Setelah tahun 1950, organisasi perempuan berkembang seiring dengan berkembangnya partai-partai di Indonesia. Banyak organisasi perempuan yang menjadi bagian perempuan dari suatu partai, seperti Wanita Marhaenis, Gerakan Wanita Sosial, Gerwani, dan lain-lain.
Ada pula partai yang bergerak dan merupakan bagian dari organisasi keagamaan, seperti Aisyiah, Wanita Katolik, selain itu juga organisasi perempuan yang berdiri sendiri tanpa ikatan dengan partai lain, seperti Perwari, dan banyak lagi organisasi perempuan yang bergerak di bidang sosial dan kesejahteraan masyarakat.
Pada tahun 1952, lahir organisasi yang menghimpun para isteri Kementerian Dalam Negeri yang sifatnya nonpolitik, namun tetap mengikuti perkembangan zaman.
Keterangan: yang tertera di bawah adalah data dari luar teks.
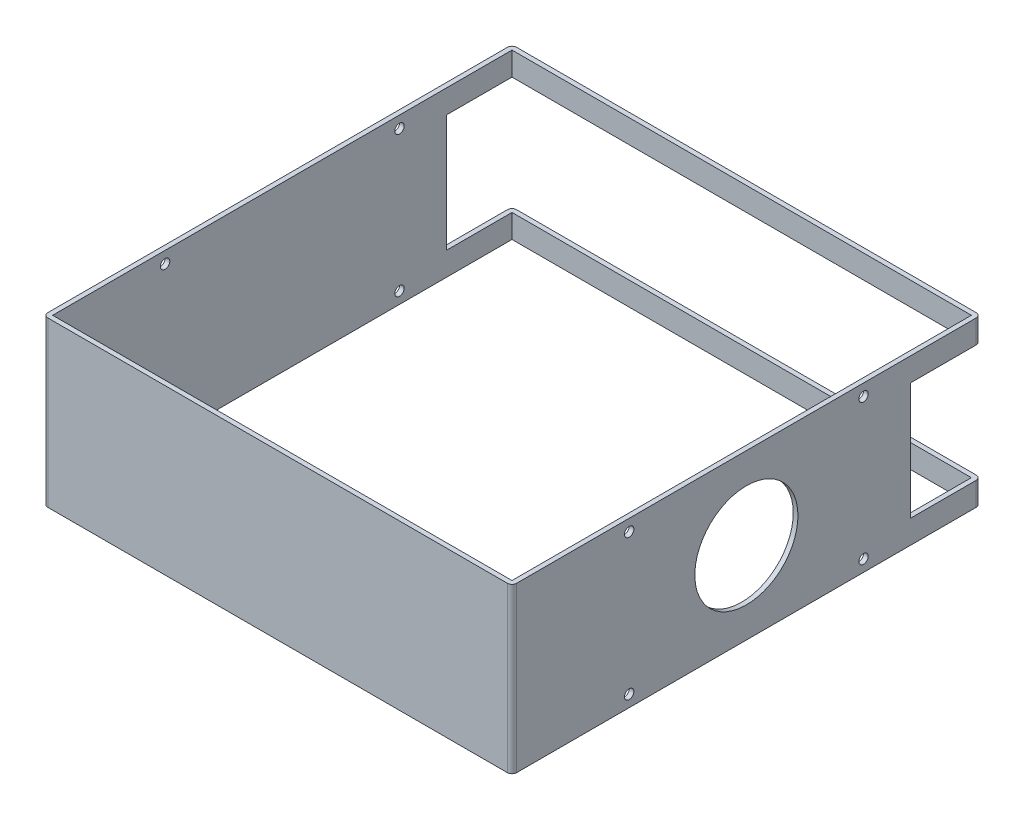
ISO-10303-21;
HEADER;
FILE_DESCRIPTION(('STEP AP214'),'2;1');
FILE_NAME('part.step','',(''),(''),'','','');
FILE_SCHEMA(('AUTOMOTIVE_DESIGN { 1 0 10303 214 1 1 1 1 }'));
ENDSEC;
DATA;
#1=APPLICATION_CONTEXT('core data for automotive mechanical design processes');
#2=APPLICATION_PROTOCOL_DEFINITION('international standard','automotive_design',2000,#1);
#3=PRODUCT_CONTEXT('',#1,'mechanical');
#4=PRODUCT('Part','Part','',(#3));
#5=PRODUCT_RELATED_PRODUCT_CATEGORY('part','',(#4));
#6=PRODUCT_DEFINITION_FORMATION('','',#4);
#7=PRODUCT_DEFINITION_CONTEXT('part definition',#1,'design');
#8=PRODUCT_DEFINITION('design','',#6,#7);
#9=PRODUCT_DEFINITION_SHAPE('','',#8);
#10=(LENGTH_UNIT() NAMED_UNIT(*) SI_UNIT(.MILLI.,.METRE.));
#11=(NAMED_UNIT(*) PLANE_ANGLE_UNIT() SI_UNIT($,.RADIAN.));
#12=(NAMED_UNIT(*) SI_UNIT($,.STERADIAN.) SOLID_ANGLE_UNIT());
#13=UNCERTAINTY_MEASURE_WITH_UNIT(LENGTH_MEASURE(1.E-05),#10,'distance_accuracy_value','');
#14=(GEOMETRIC_REPRESENTATION_CONTEXT(3) GLOBAL_UNCERTAINTY_ASSIGNED_CONTEXT((#13)) GLOBAL_UNIT_ASSIGNED_CONTEXT((#10,
#11,#12)) REPRESENTATION_CONTEXT('',''));
#15=CARTESIAN_POINT('',(0.,0.,0.));
#16=DIRECTION('',(0.,0.,1.));
#17=DIRECTION('',(1.,0.,0.));
#18=AXIS2_PLACEMENT_3D('',#15,#16,#17);
#19=CARTESIAN_POINT('',(50.,35.,-50.));
#20=DIRECTION('',(-1.,0.,0.));
#21=DIRECTION('',(0.,0.,1.));
#22=AXIS2_PLACEMENT_3D('',#19,#20,#21);
#23=PLANE('',#22);
#24=CARTESIAN_POINT('',(50.,17.5,0.));
#25=DIRECTION('',(1.,0.,0.));
#26=DIRECTION('',(0.,0.,-1.));
#27=AXIS2_PLACEMENT_3D('',#24,#25,#26);
#28=CIRCLE('',#27,11.);
#29=CARTESIAN_POINT('',(50.,17.5,-11.));
#30=VERTEX_POINT('',#29);
#31=EDGE_CURVE('E361',#30,#30,#28,.T.);
#32=ORIENTED_EDGE('',*,*,#31,.F.);
#33=EDGE_LOOP('',(#32));
#34=FACE_BOUND('',#33,.T.);
#35=CARTESIAN_POINT('',(50.,2.50000000000002,25.));
#36=DIRECTION('',(-1.,0.,0.));
#37=DIRECTION('',(0.,0.,1.));
#38=AXIS2_PLACEMENT_3D('',#35,#36,#37);
#39=CIRCLE('',#38,1.);
#40=CARTESIAN_POINT('',(50.,2.50000000000002,26.));
#41=VERTEX_POINT('',#40);
#42=EDGE_CURVE('E349',#41,#41,#39,.T.);
#43=ORIENTED_EDGE('',*,*,#42,.T.);
#44=EDGE_LOOP('',(#43));
#45=FACE_BOUND('',#44,.T.);
#46=CARTESIAN_POINT('',(50.,32.5,-25.));
#47=DIRECTION('',(-1.,0.,0.));
#48=DIRECTION('',(0.,0.,1.));
#49=AXIS2_PLACEMENT_3D('',#46,#47,#48);
#50=CIRCLE('',#49,1.);
#51=CARTESIAN_POINT('',(50.,32.5,-24.));
#52=VERTEX_POINT('',#51);
#53=EDGE_CURVE('E343',#52,#52,#50,.T.);
#54=ORIENTED_EDGE('',*,*,#53,.T.);
#55=EDGE_LOOP('',(#54));
#56=FACE_BOUND('',#55,.T.);
#57=DIRECTION('',(0.,0.,-1.));
#58=VECTOR('',#57,1.);
#59=CARTESIAN_POINT('',(50.,0.,-50.));
#60=LINE('',#59,#58);
#61=CARTESIAN_POINT('',(50.,0.,49.));
#62=VERTEX_POINT('',#61);
#63=CARTESIAN_POINT('',(50.,0.,-49.));
#64=VERTEX_POINT('',#63);
#65=EDGE_CURVE('E279',#62,#64,#60,.T.);
#66=ORIENTED_EDGE('',*,*,#65,.T.);
#67=DIRECTION('',(0.,-1.,0.));
#68=VECTOR('',#67,1.);
#69=CARTESIAN_POINT('',(50.,35.,-49.));
#70=LINE('',#69,#68);
#71=CARTESIAN_POINT('',(50.,5.,-49.));
#72=VERTEX_POINT('',#71);
#73=EDGE_CURVE('E11',#64,#72,#70,.F.);
#74=ORIENTED_EDGE('',*,*,#73,.T.);
#75=DIRECTION('',(0.,0.,-1.));
#76=VECTOR('',#75,1.);
#77=CARTESIAN_POINT('',(50.,5.,-35.));
#78=LINE('',#77,#76);
#79=CARTESIAN_POINT('',(50.,5.,-35.));
#80=VERTEX_POINT('',#79);
#81=EDGE_CURVE('E194',#80,#72,#78,.T.);
#82=ORIENTED_EDGE('',*,*,#81,.F.);
#83=DIRECTION('',(0.,-1.,0.));
#84=VECTOR('',#83,1.);
#85=CARTESIAN_POINT('',(50.,0.,-35.));
#86=LINE('',#85,#84);
#87=CARTESIAN_POINT('',(50.,30.,-35.));
#88=VERTEX_POINT('',#87);
#89=EDGE_CURVE('E206',#88,#80,#86,.T.);
#90=ORIENTED_EDGE('',*,*,#89,.F.);
#91=DIRECTION('',(0.,0.,-1.));
#92=VECTOR('',#91,1.);
#93=CARTESIAN_POINT('',(50.,30.,-35.));
#94=LINE('',#93,#92);
#95=CARTESIAN_POINT('',(50.,30.,-49.));
#96=VERTEX_POINT('',#95);
#97=EDGE_CURVE('E231',#88,#96,#94,.T.);
#98=ORIENTED_EDGE('',*,*,#97,.T.);
#99=DIRECTION('',(0.,-1.,0.));
#100=VECTOR('',#99,1.);
#101=CARTESIAN_POINT('',(50.,35.,-49.));
#102=LINE('',#101,#100);
#103=CARTESIAN_POINT('',(50.,35.,-49.));
#104=VERTEX_POINT('',#103);
#105=EDGE_CURVE('E49',#96,#104,#102,.F.);
#106=ORIENTED_EDGE('',*,*,#105,.T.);
#107=DIRECTION('',(0.,0.,-1.));
#108=VECTOR('',#107,1.);
#109=CARTESIAN_POINT('',(50.,35.,-50.));
#110=LINE('',#109,#108);
#111=CARTESIAN_POINT('',(50.,35.,49.));
#112=VERTEX_POINT('',#111);
#113=EDGE_CURVE('E292',#112,#104,#110,.T.);
#114=ORIENTED_EDGE('',*,*,#113,.F.);
#115=DIRECTION('',(0.,-1.,0.));
#116=VECTOR('',#115,1.);
#117=CARTESIAN_POINT('',(50.,35.,49.));
#118=LINE('',#117,#116);
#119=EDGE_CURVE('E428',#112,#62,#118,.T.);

Selain dari isteri pegawai Departemen Dalam Negeri, masing-masing departemen juga membentuk perkumpulan isteri pegawainya, sehingga seluruhnya ada 19 organisasi isteri pegawai di masing-masing departemen, misalnya, Artha Kencana (Dep.Keuangan), Idhata (Dep. Pendidikan dan Kebudayaan), dan lain-lain.
C. PERANAN PEREMPUAN DALAM PERPOLITIKAN PASCA KEMERDEKAAN INDONESIA.
Bila kita membicarakan peran politik perempuan, kita tidak mengartikan politik secara sempit seperti melihat politik dalam kaca mata formal di bidang legislatif, eksekutif,dan yudikatif. Eksistansi politik terwujud dalam aspek kehidupan bersama dalam tingkat lokal, dan kepekaan terhadap permasalahan yang ada. Partisipasi perempuan dalam politik secara aktif, menyumbangkan pemikiran sampai kepekaan yang tinggi terhadap permasalahan politik yang sangatlah diperlukan.
Partisipasi politik menurut H. Mc Closky merupakan kegiatan sukarela dari warga negara melalui mana mereka mengambil bagian dalam proses pemilihan penguasa secara langsung atau tidak langsung dalam proses pembentukan kebijakan umum (M. Budiardjo, 2008, Hal 367).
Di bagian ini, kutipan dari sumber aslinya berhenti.